Does anybody have any fishing gloves they would recommend? Don't feel like not feeling my fingers this year..Thanks!


----------



## snag (Dec 27, 2005)

I use fingerless wool ones , warm even if they get wet. Also have a pair of a combo mitten fingerless ones which are nice for colder days, use those for deer hunting to .


----------



## freyedknot (Apr 10, 2004)

just bought a pair of glacier gloves,thin neoprene with flannel lining. hope they do the trick.


----------



## jjshbetz11 (Oct 25, 2010)

The warming packs work wonders, I've even threw em in my boots before

Sent from my E6790TM using Tapatalk


----------



## chuckNduck (Jun 29, 2012)

Simms Exstream foldover mitts. Warm, dry hands all day long.

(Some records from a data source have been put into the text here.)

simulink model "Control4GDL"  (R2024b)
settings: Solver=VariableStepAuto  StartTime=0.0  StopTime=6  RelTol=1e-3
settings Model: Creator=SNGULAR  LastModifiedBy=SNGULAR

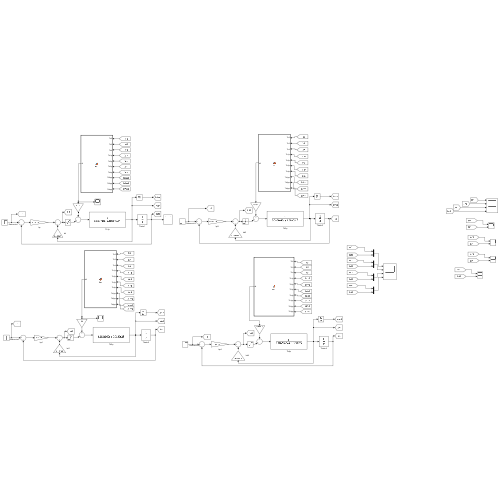
[thumbnail: Simulink's stored preview of the top-level diagram]
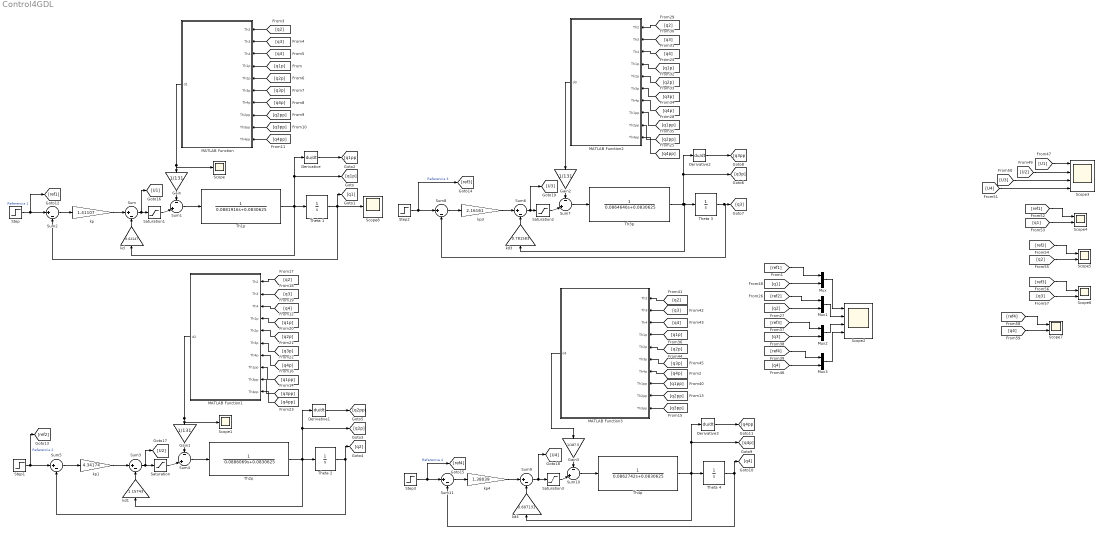
== system Control4GDL ==
  Derivative{,1..3} (4 alike) : Derivative
  Gain : Gain  Gain=1/131
  Gain1 : Gain  Gain=1/131
  Gain2 : Gain  Gain=1/131
  Gain3 : Gain  Gain=1/187.5
  MATLAB Function : MATLAB Function  TreatAsAtomicUnit=on
  MATLAB Function1 : MATLAB Function  TreatAsAtomicUnit=on
  MATLAB Function2 : MATLAB Function  TreatAsAtomicUnit=on
  MATLAB Function3 : MATLAB Function  TreatAsAtomicUnit=on
  Mux{,1..3} (4 alike) : Mux  Inputs=2
  Saturation{,1..3} (4 alike) : Saturate  UpperLimit=12  LowerLimit=-12
  Scope : Scope
  Scope1 : Scope
  Scope2 : Scope  NumInputPorts=4
  Scope3 : Scope  NumInputPorts=4
  Scope{4..7} (4 alike) : Scope  NumInputPorts=2
  Scope8 : Scope
  Step : Step  Time=0  After=pi/2  SampleTime=0
  Step1 : Step  Time=0  After=0  SampleTime=0
  Step2 : Step  Time=0  After=0  SampleTime=0
  Step3 : Step  Time=0  After=pi/3  SampleTime=0
  Sum{,2..3,5..6,8..9,11} (8 alike) : Sum  Inputs=|+-
  Sum{1,4,7,10} (4 alike) : Sum  Inputs=-|+|
  Th1p : TransferFcn  Denominator=[0.0881916 0.0830625]
  Th2p : TransferFcn  Denominator=[0.0886069 0.0830625]
  Th3p : TransferFcn  Denominator=[0.0864646 0.0830625]
  Th4p : TransferFcn  Denominator=[0.0862742 0.0830625]
  Theta {1..4} (4 alike) : Integrator
  kd : Gain  Gain=0.62247
  kd1 : Gain  Gain=1.15743
  kd3 : Gain  Gain=0.781583
  kd4 : Gain  Gain=0.607131
  kp : Gain  Gain=1.41107
  kp1 : Gain  Gain=4.34174
  kp3 : Gain  Gain=2.16161
  kp4 : Gain  Gain=1.38039
  wires:
  Th1p/1 -> kd/1, Derivative/1, [q1p], Theta 1/1
  Theta 1/1 -> [q1], Scope8/1, Sum2/2
  Sum2/1 -> kp/1
  kp/1 -> Sum/1
  kd/1 -> Sum/2
  Gain/1 -> Sum1/1
  Sum1/1 -> Th1p/1
  MATLAB Function/1(d1) -> Scope/1, Gain/1
  Derivative/1 -> [q1pp]
  [q1p] -> MATLAB Function/4(Th1p)
  [q2] -> MATLAB Function/1(Th2)
  [q3] -> MATLAB Function/2(Th3)
  [q4] -> MATLAB Function/3(Th4)
  [q2p] -> MATLAB Function/5(Th2p)
  [q3p] -> MATLAB Function/6(Th3p)
  [q4p] -> MATLAB Function/7(Th4p)
  [q2pp] -> MATLAB Function/8(Th2pp)
  [q3pp] -> MATLAB Function/9(Th3pp)
  [q4pp] -> MATLAB Function/10(Th4pp)
  Step/1 -> Sum2/1, [ref1]  "Referencia 1"
  Step1/1 -> [ref2], Sum5/1  "Referencia 2"
  [q3pp] -> MATLAB Function1/9(Th3pp)
  [q4p] -> MATLAB Function1/7(Th4p)
  [q3p] -> MATLAB Function1/6(Th3p)
  [q2p] -> MATLAB Function1/5(Th2p)
  [q4] -> MATLAB Function1/3(Th4)
  [q3] -> MATLAB Function1/2(Th3)
  [q2] -> MATLAB Function1/1(Th2)
  [q1pp] -> MATLAB Function1/8(Th1pp)
  [q1p] -> MATLAB Function1/4(Th1p)
  Derivative1/1 -> [q2pp]
  MATLAB Function1/1(d2) -> Scope1/1, Gain1/1
  Sum4/1 -> Th2p/1
  Gain1/1 -> Sum4/1
  kd1/1 -> Sum3/2
  Theta 2/1 -> Sum5/2, [q2]
  Th2p/1 -> Theta 2/1, [q2p], Derivative1/1, kd1/1
  Th3p/1 -> Derivative2/1, [q3p], kd3/1, Theta 3/1
  Theta 3/1 -> Sum8/2, [q3]
  Sum8/1 -> kp3/1
  kp3/1 -> Sum6/1
  Gain2/1 -> Sum7/1
  Sum7/1 -> Th3p/1
  MATLAB Function2/1(d3) -> Gain2/1
  Derivative2/1 -> [q3pp]
  [q1p] -> MATLAB Function2/4(Th1p)
  [q1pp] -> MATLAB Function2/8(Th1pp)
  [q2] -> MATLAB Function2/1(Th2)
  [q3] -> MATLAB Function2/2(Th3)
  [q4] -> MATLAB Function2/3(Th4)
  [q2p] -> MATLAB Function2/5(Th2p)
  [q3p] -> MATLAB Function2/6(Th3p)
  [q4p] -> MATLAB Function2/7(Th4p)
  [q2pp] -> MATLAB Function2/9(Th2pp)
  Step2/1 -> [ref3], Sum8/1  "Referencia 3"
  Step3/1 -> [ref4], Sum11/1  "Referencia 4"
  [q3p] -> MATLAB Function3/6(Th3p)
  [q2p] -> MATLAB Function3/5(Th2p)
  [q4] -> MATLAB Function3/3(Th4)
  [q3] -> MATLAB Function3/2(Th3)
  [q2] -> MATLAB Function3/1(Th2)
  [q1pp] -> MATLAB Function3/8(Th1pp)
  [q1p] -> MATLAB Function3/4(Th1p)
  Derivative3/1 -> [q4pp]
  MATLAB Function3/1(d4) -> Gain3/1
  Sum10/1 -> Th4p/1
  Gain3/1 -> Sum10/1
  kd4/1 -> Sum9/2
  kp4/1 -> Sum9/1
  Sum11/1 -> kp4/1
  Theta 4/1 -> Sum11/2, [q4]
  Th4p/1 -> Theta 4/1, [q4p], Derivative3/1, kd4/1
  [q1] -> Mux/2
  [ref1] -> Mux/1
  [q4p] -> MATLAB Function3/7(Th4p)
  [q2pp] -> MATLAB Function3/9(Th2pp)
  [q3pp] -> MATLAB Function3/10(Th3pp)
  [q4pp] -> MATLAB Function1/10(Th4pp)
  [q4pp] -> MATLAB Function2/10(Th4pp)
  Mux/1 -> Scope2/1
  [ref2] -> Mux1/1
  [q2] -> Mux1/2
  [q3] -> Mux2/2
  [ref3] -> Mux2/1
  [ref4] -> Mux3/1
  [q4] -> Mux3/2
  Mux1/1 -> Scope2/2
  Mux2/1 -> Scope2/3
  Mux3/1 -> Scope2/4
  Sum3/1 -> [U2], Saturation/1
  Saturation/1 -> Sum4/2
  Sum/1 -> [U1], Saturation1/1
  Saturation1/1 -> Sum1/2
  Sum6/1 -> [U3], Saturation2/1
  Saturation2/1 -> Sum7/2
  Sum9/1 -> [U4], Saturation3/1
  Saturation3/1 -> Sum10/2
  [U1] -> Scope3/1
  [U2] -> Scope3/2
  [U3] -> Scope3/3
  [U4] -> Scope3/4
  kp1/1 -> Sum3/1
  Sum5/1 -> kp1/1
  [ref2] -> Scope5/1
  [q2] -> Scope5/2
  [q1] -> Scope4/2
  [ref1] -> Scope4/1
  kd3/1 -> Sum6/2
  [q3] -> Scope6/2
  [ref3] -> Scope6/1
  [ref4] -> Scope7/1
  [q4] -> Scope7/2

== matlab function Control4GDL/MATLAB Function1 ==
  data: Th2 input; Th3 input; Th4 input; d2 output; Th1p input; Th2p input; Th3p input; Th4p input; Th1pp input; Th3pp input; Th4pp input
function d2 = fcn(Th2, Th3, Th4, Th1p, Th2p, Th3p, Th4p, Th1pp,Th3pp,Th4pp)

%% -------------------------------------------------------------
%  Parámetros del robot (desde tabla)
%  Todas las inercias convertidas de g·mm² -> kg·m² (×1e-9)
% --------------------------------------------------------------
%% MASAS
M1 = 0.14628;     % [kg]
M2 = 0.14239;     % [kg]
M3 = 0.17884;     % [kg]

%% GRAVEDAD
grav = 9.81;      % [m/s^2]

%% INERCIAS DEL ESLABÓN 1 (g·mm² → kg·m²)
I1xx = 237354.33 * 1e-9;
I1xy = 0          * 1e-9;
I1xz = 0          * 1e-9;

I1yx = 0          * 1e-9;
I1yy = 294106.43  * 1e-9;
I1yz = -200.13    * 1e-9;

I1zx = 0          * 1e-9;
I1zy = -200.13    * 1e-9;
I1zz = 126421.47  * 1e-9;

%% INERCIAS DEL ESLABÓN 2
I2xx = 316936.55  * 1e-9;
I2xy = 0          * 1e-9;
I2xz = -697.68    * 1e-9;

I2yx = 0          * 1e-9;
I2yy = 507105.45  * 1e-9;
I2yz = 0          * 1e-9;

I2zx = -697.68    * 1e-9;
I2zy = 0          * 1e-9;
I2zz = 231758.79  * 1e-9;

%% INERCIAS DEL ESLABÓN 3
I3xx = 588562.90  * 1e-9;
I3xy = 0          * 1e-9;
I3xz = 0          * 1e-9;

I3yx = 0          * 1e-9;
I3yy = 158273.82  * 1e-9;
I3yz = 12715.89   * 1e-9;

I3zx = 0          * 1e-9;
I3zy = 12715.89   * 1e-9;
I3zz = 469157.76  * 1e-9;

%% DISTANCIAS Y LONGITUDES
d1    = 0.046;    % [m]
d1cm  = 0.023;    % [m]

a2    = 0.08550;  % [m]
a2cm  = 0.04275;  % [m]

d4    = 0.080;    % [m]
d4cm  = 0.040;    % [m]



%% Cálculo de d2
d2=(1/2).*(2.*a2cm.*grav.*M2.*cos(Th2)+2.*I2zy.*Th1pp.*cos(Th2)+2.* ...
d4cm.*M3.*Th3pp.*(d4cm+a2.*cos(Th3))+2.*grav.*M3.*(a2.*cos(Th2)+ ...
d4cm.*cos(Th2+Th3))+2.*I2zx.*Th1pp.*sin(Th2)+(-4).*a2.*d4cm.*M3.* ...
Th2p.*Th3p.*sin(Th3)+(-2).*a2.*d4cm.*M3.*Th3p.^2.*sin(Th3)+2.* ...
Th4pp.*(I3yz.*cos(Th4)+I3xz.*sin(Th4))+2.*Th1pp.*sin(Th2+Th3).*( ...
I3yz.*cos(Th4)+I3xz.*sin(Th4))+2.*Th4p.^2.*(I3xz.*cos(Th4)+(-1).* ...
I3yz.*sin(Th4))+Th1p.*Th3p.*((I3xy+(-1).*I3yx).*sin(Th2+Th3)+cos( ...
Th2+Th3).*((I3yz+(-1).*I3zy).*cos(Th4)+(I3xz+(-1).*I3zx).*sin(Th4) ...
))+(-1).*Th1p.*Th2p.*((I2xz+(-1).*I2zx).*cos(Th2)+((-1).*I2yz+ ...
I2zy).*sin(Th2)+((-1).*I3xy+I3yx).*sin(Th2+Th3)+cos(Th2+Th3).*((( ...
-1).*I3yz+I3zy).*cos(Th4)+((-1).*I3xz+I3zx).*sin(Th4)))+Th3pp.*( ...
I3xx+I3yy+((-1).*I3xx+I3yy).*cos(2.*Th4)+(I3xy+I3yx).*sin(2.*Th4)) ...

I've been using them 2 winters now.


----------



## bumpus (Jan 17, 2015)

I wear some fingerless fleece gloves from bass pros fly shop I love them I use them for cold weather steelhead.. ice fishing and deer hunting


----------



## Steel-Addicted (Apr 24, 2016)

Streamworks fleece gloves work for me in all but the very coldest weather. They are thin enough to handle fly line easily and keep hands warm.
https://thetroutspot.com/products/streamworks-arctic-fleece-gloves-full-finger

For those days when you probably won't find open water, these IceArmor gloves are very warm and waterproof, but they don't handle fly line very well.
https://www.amazon.com/Clam-Corpora...id=1479645886&sr=8-2&keywords=icearmor+gloves


----------



## Flowie (Jul 2, 2015)

bumpus said:


> I wear some fingerless fleece gloves from bass pros fly shop I love them I use them for cold weather steelhead.. ice fishing and deer hunting


I buy them too...I get them on sale for 5.00 a pair. They are pretty decent..I carry a few pairs w me winter fishing and swap them out to keep dry.


----------



## allday (Apr 8, 2010)

Just bought a pair of Dexshell gloves on Amazon used them on the river yesterday in the snow and wind and the worked great. Waterproof, warm and flexible


----------



## creekcrawler (Oct 5, 2004)

Army surplus wool gloves & I cut the fingers off.


----------



## MuskieManOhio (Jun 29, 2008)

I use a cheap pair of thinsulate wool fingerless mittens and I put hand warmers in the gloves also. Does the job!


----------



## catfishking7 (Sep 21, 2011)

Thanks for the replies! Will look into them!


----------



## OnTheFly (Jul 30, 2010)

yeah fingerless wool has been my best option, cheap if you lose em. I have the simms ones too that I got as a gift and I think I like my cheap wool one better!!!!


----------



## Phish_4_Bass (Sep 18, 2008)

Put the hand warmers on your wrists. warms blood as it flows up thru your hand and fingers


----------



## Shortdrift (Apr 5, 2004)

Whatever glove you decide on, use the adhesive backed toe warmers placed in the glove so they rest on the top of your hand. you can take the gloves off and on without worrying about the heat pads falling out.


----------